Stored records:
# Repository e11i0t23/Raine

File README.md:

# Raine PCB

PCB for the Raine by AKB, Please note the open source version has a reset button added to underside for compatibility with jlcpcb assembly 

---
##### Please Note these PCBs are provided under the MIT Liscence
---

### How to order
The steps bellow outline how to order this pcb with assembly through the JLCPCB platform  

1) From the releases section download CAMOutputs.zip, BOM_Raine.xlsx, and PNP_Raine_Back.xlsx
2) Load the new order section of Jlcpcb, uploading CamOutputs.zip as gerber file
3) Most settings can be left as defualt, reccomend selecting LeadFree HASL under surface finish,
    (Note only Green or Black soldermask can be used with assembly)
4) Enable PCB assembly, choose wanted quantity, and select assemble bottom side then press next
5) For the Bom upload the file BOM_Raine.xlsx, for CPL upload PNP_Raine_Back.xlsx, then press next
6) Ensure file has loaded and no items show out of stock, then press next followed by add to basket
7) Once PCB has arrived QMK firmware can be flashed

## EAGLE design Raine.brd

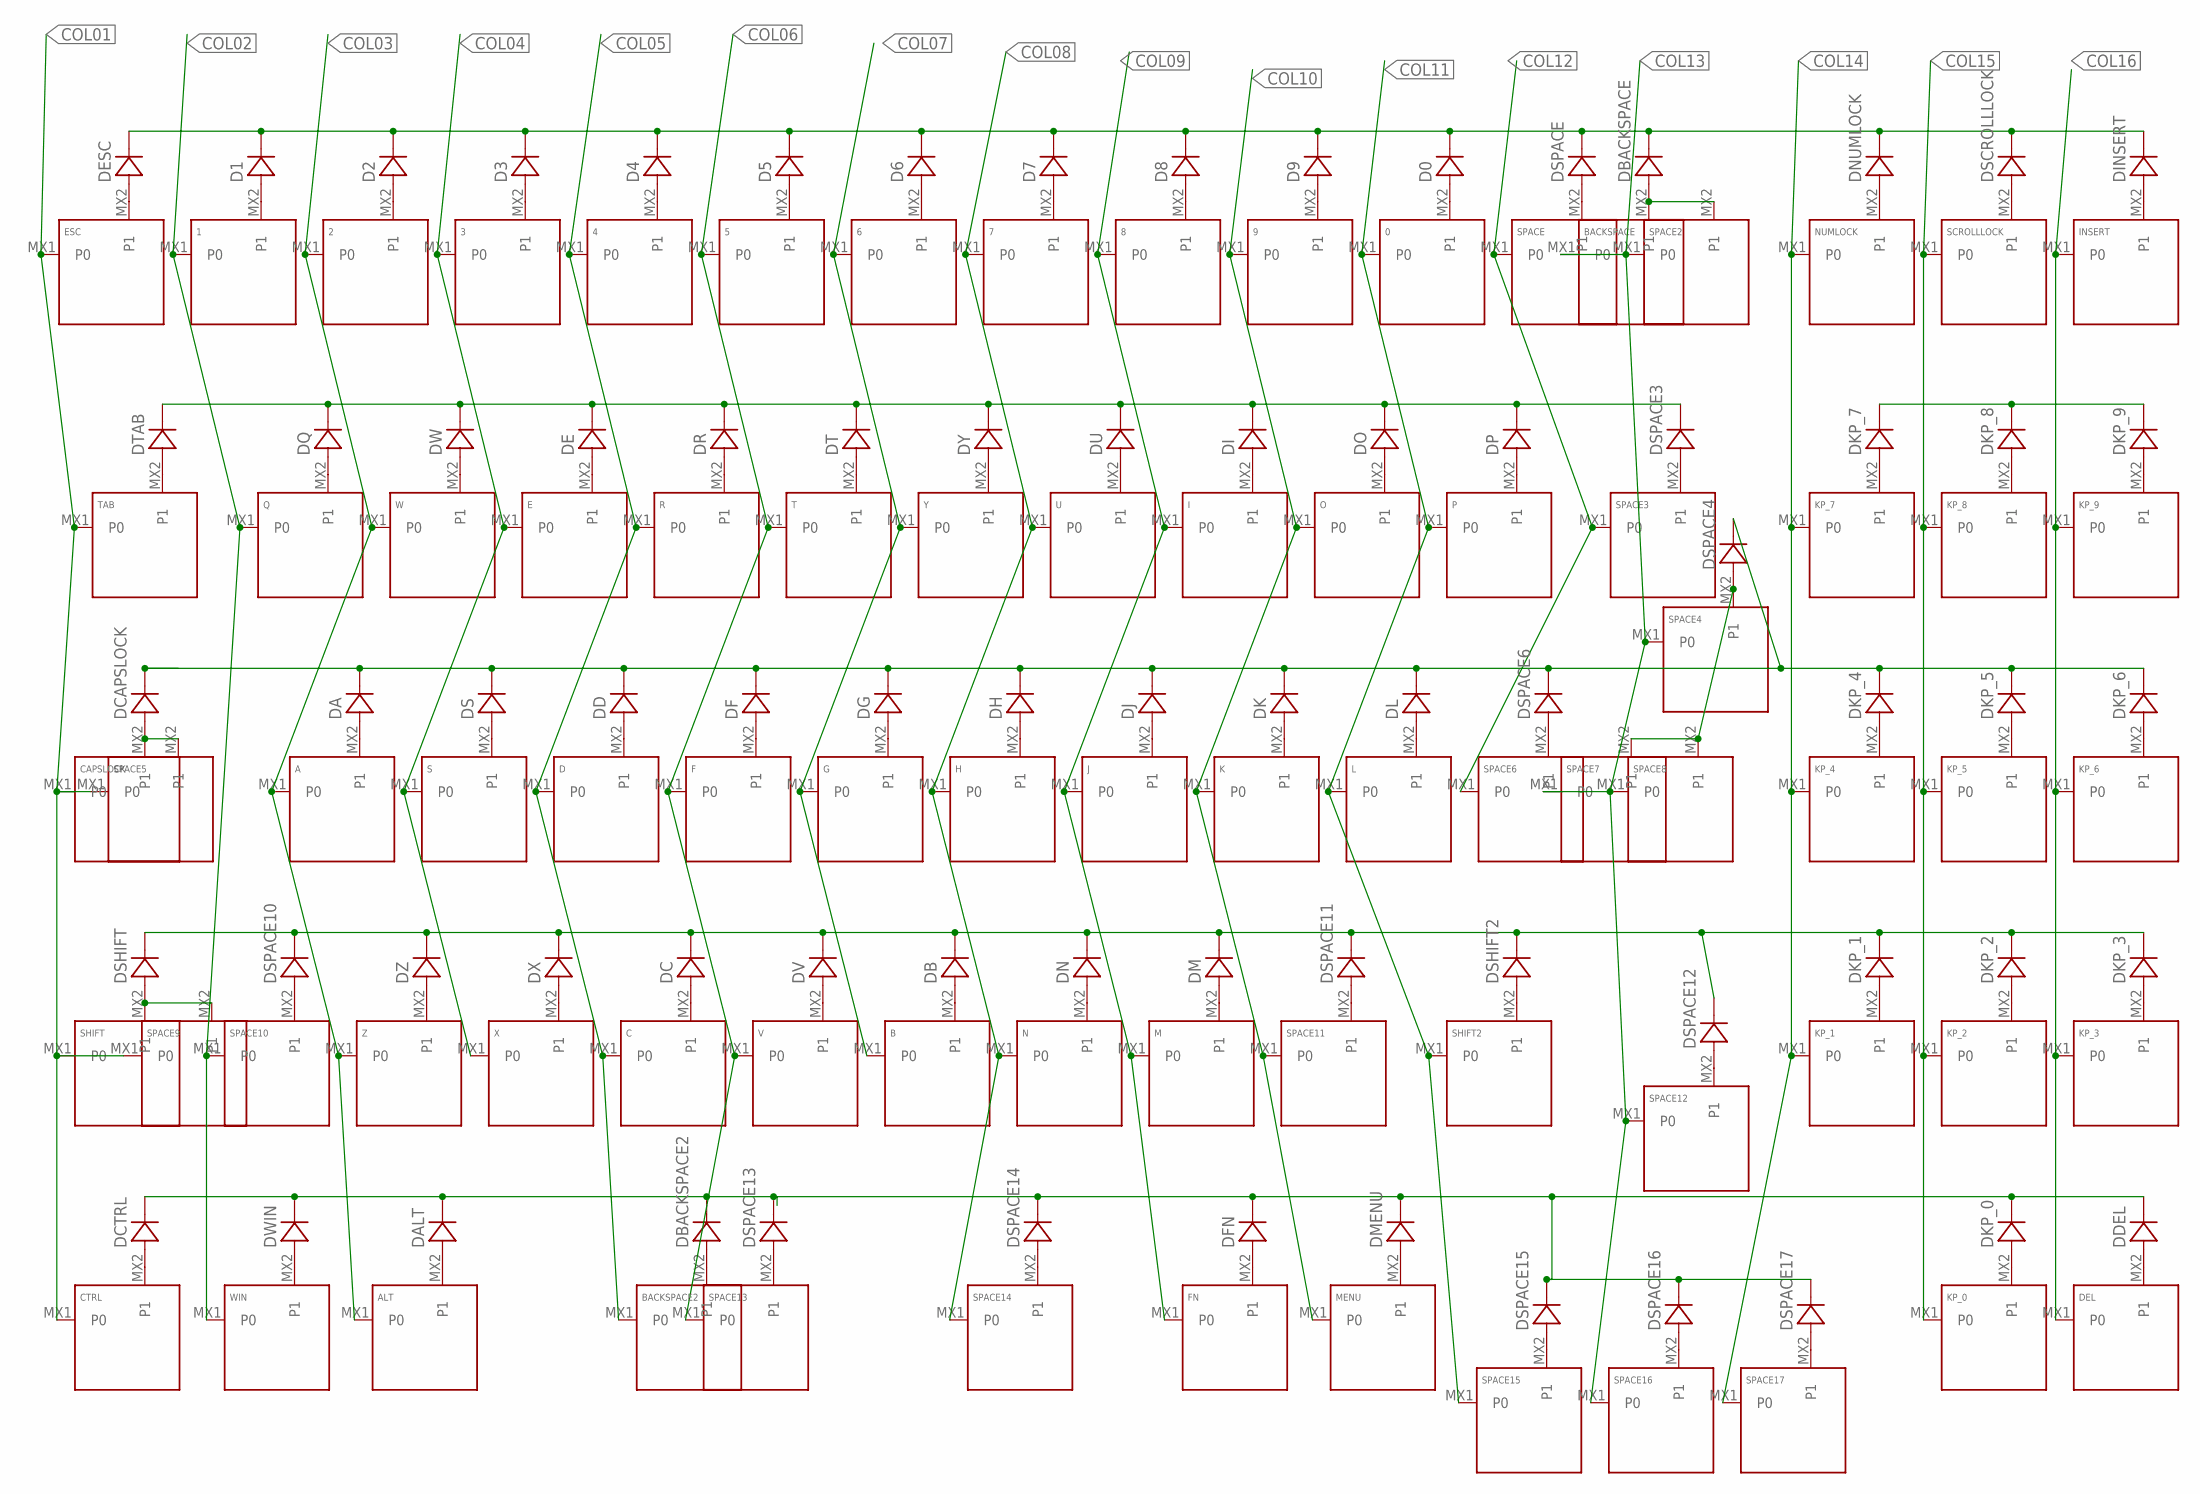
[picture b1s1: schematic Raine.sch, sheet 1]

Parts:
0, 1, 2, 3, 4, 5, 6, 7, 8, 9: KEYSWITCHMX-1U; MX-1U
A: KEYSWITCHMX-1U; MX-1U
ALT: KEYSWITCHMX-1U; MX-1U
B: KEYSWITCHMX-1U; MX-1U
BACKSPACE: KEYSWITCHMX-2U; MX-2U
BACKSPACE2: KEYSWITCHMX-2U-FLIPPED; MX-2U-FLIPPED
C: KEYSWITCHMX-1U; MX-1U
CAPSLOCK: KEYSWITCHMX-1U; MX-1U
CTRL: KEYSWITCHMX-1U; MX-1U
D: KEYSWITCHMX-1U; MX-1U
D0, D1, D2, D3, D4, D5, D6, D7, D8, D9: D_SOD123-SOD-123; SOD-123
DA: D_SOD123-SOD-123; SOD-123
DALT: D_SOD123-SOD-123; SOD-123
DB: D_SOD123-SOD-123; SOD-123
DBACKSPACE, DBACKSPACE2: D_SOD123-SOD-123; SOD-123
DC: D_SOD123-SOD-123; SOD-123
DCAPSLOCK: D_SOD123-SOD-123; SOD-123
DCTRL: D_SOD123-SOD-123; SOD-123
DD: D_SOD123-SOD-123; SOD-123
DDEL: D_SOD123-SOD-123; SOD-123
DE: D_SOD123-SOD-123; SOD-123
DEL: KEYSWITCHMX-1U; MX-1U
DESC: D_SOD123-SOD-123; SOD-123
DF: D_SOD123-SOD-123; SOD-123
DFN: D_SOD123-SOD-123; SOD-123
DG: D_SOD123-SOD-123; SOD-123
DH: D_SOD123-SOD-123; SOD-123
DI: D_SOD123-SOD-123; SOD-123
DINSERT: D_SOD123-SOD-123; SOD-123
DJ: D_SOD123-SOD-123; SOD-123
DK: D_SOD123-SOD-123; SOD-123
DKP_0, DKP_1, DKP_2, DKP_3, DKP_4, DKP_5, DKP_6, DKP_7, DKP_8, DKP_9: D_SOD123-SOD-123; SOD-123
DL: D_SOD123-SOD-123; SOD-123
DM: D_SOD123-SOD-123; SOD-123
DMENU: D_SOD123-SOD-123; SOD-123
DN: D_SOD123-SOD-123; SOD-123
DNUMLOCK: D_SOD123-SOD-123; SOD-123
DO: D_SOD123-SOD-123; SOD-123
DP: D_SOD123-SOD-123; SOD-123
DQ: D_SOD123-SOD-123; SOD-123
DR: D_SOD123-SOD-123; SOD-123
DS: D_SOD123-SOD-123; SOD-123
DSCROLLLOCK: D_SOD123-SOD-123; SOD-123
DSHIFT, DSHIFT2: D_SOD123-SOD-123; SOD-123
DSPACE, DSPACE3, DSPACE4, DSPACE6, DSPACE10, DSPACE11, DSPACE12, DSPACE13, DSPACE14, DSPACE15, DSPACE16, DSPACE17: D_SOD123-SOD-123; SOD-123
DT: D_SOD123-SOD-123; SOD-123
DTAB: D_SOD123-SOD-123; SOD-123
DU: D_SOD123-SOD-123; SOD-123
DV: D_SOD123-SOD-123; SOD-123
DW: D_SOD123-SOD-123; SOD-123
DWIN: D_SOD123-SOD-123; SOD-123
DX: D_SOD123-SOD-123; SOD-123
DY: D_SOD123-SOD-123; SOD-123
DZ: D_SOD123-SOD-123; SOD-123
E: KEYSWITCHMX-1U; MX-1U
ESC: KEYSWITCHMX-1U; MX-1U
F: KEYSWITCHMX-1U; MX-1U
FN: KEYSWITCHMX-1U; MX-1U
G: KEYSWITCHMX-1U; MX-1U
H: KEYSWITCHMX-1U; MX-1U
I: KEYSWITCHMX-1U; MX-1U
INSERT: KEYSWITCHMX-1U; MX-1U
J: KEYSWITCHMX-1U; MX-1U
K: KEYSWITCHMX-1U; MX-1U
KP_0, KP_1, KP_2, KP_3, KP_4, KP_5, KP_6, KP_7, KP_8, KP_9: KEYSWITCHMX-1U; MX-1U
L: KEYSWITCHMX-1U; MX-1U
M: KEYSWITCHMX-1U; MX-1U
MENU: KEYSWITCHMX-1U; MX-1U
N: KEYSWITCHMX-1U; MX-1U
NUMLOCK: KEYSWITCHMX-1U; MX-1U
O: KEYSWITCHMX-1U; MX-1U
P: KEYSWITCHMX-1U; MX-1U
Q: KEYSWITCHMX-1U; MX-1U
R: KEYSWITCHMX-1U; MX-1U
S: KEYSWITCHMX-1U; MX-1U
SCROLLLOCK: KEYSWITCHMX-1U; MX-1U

| Task objective |
Exactly the lines from the one containing "O: KEYSWITCHMX-1U; MX-1U" to the final line of the entries must be restated, and no others.

| Solution to this problem |
O: KEYSWITCHMX-1U; MX-1U
P: KEYSWITCHMX-1U; MX-1U
Q: KEYSWITCHMX-1U; MX-1U
R: KEYSWITCHMX-1U; MX-1U
S: KEYSWITCHMX-1U; MX-1U
SCROLLLOCK: KEYSWITCHMX-1U; MX-1U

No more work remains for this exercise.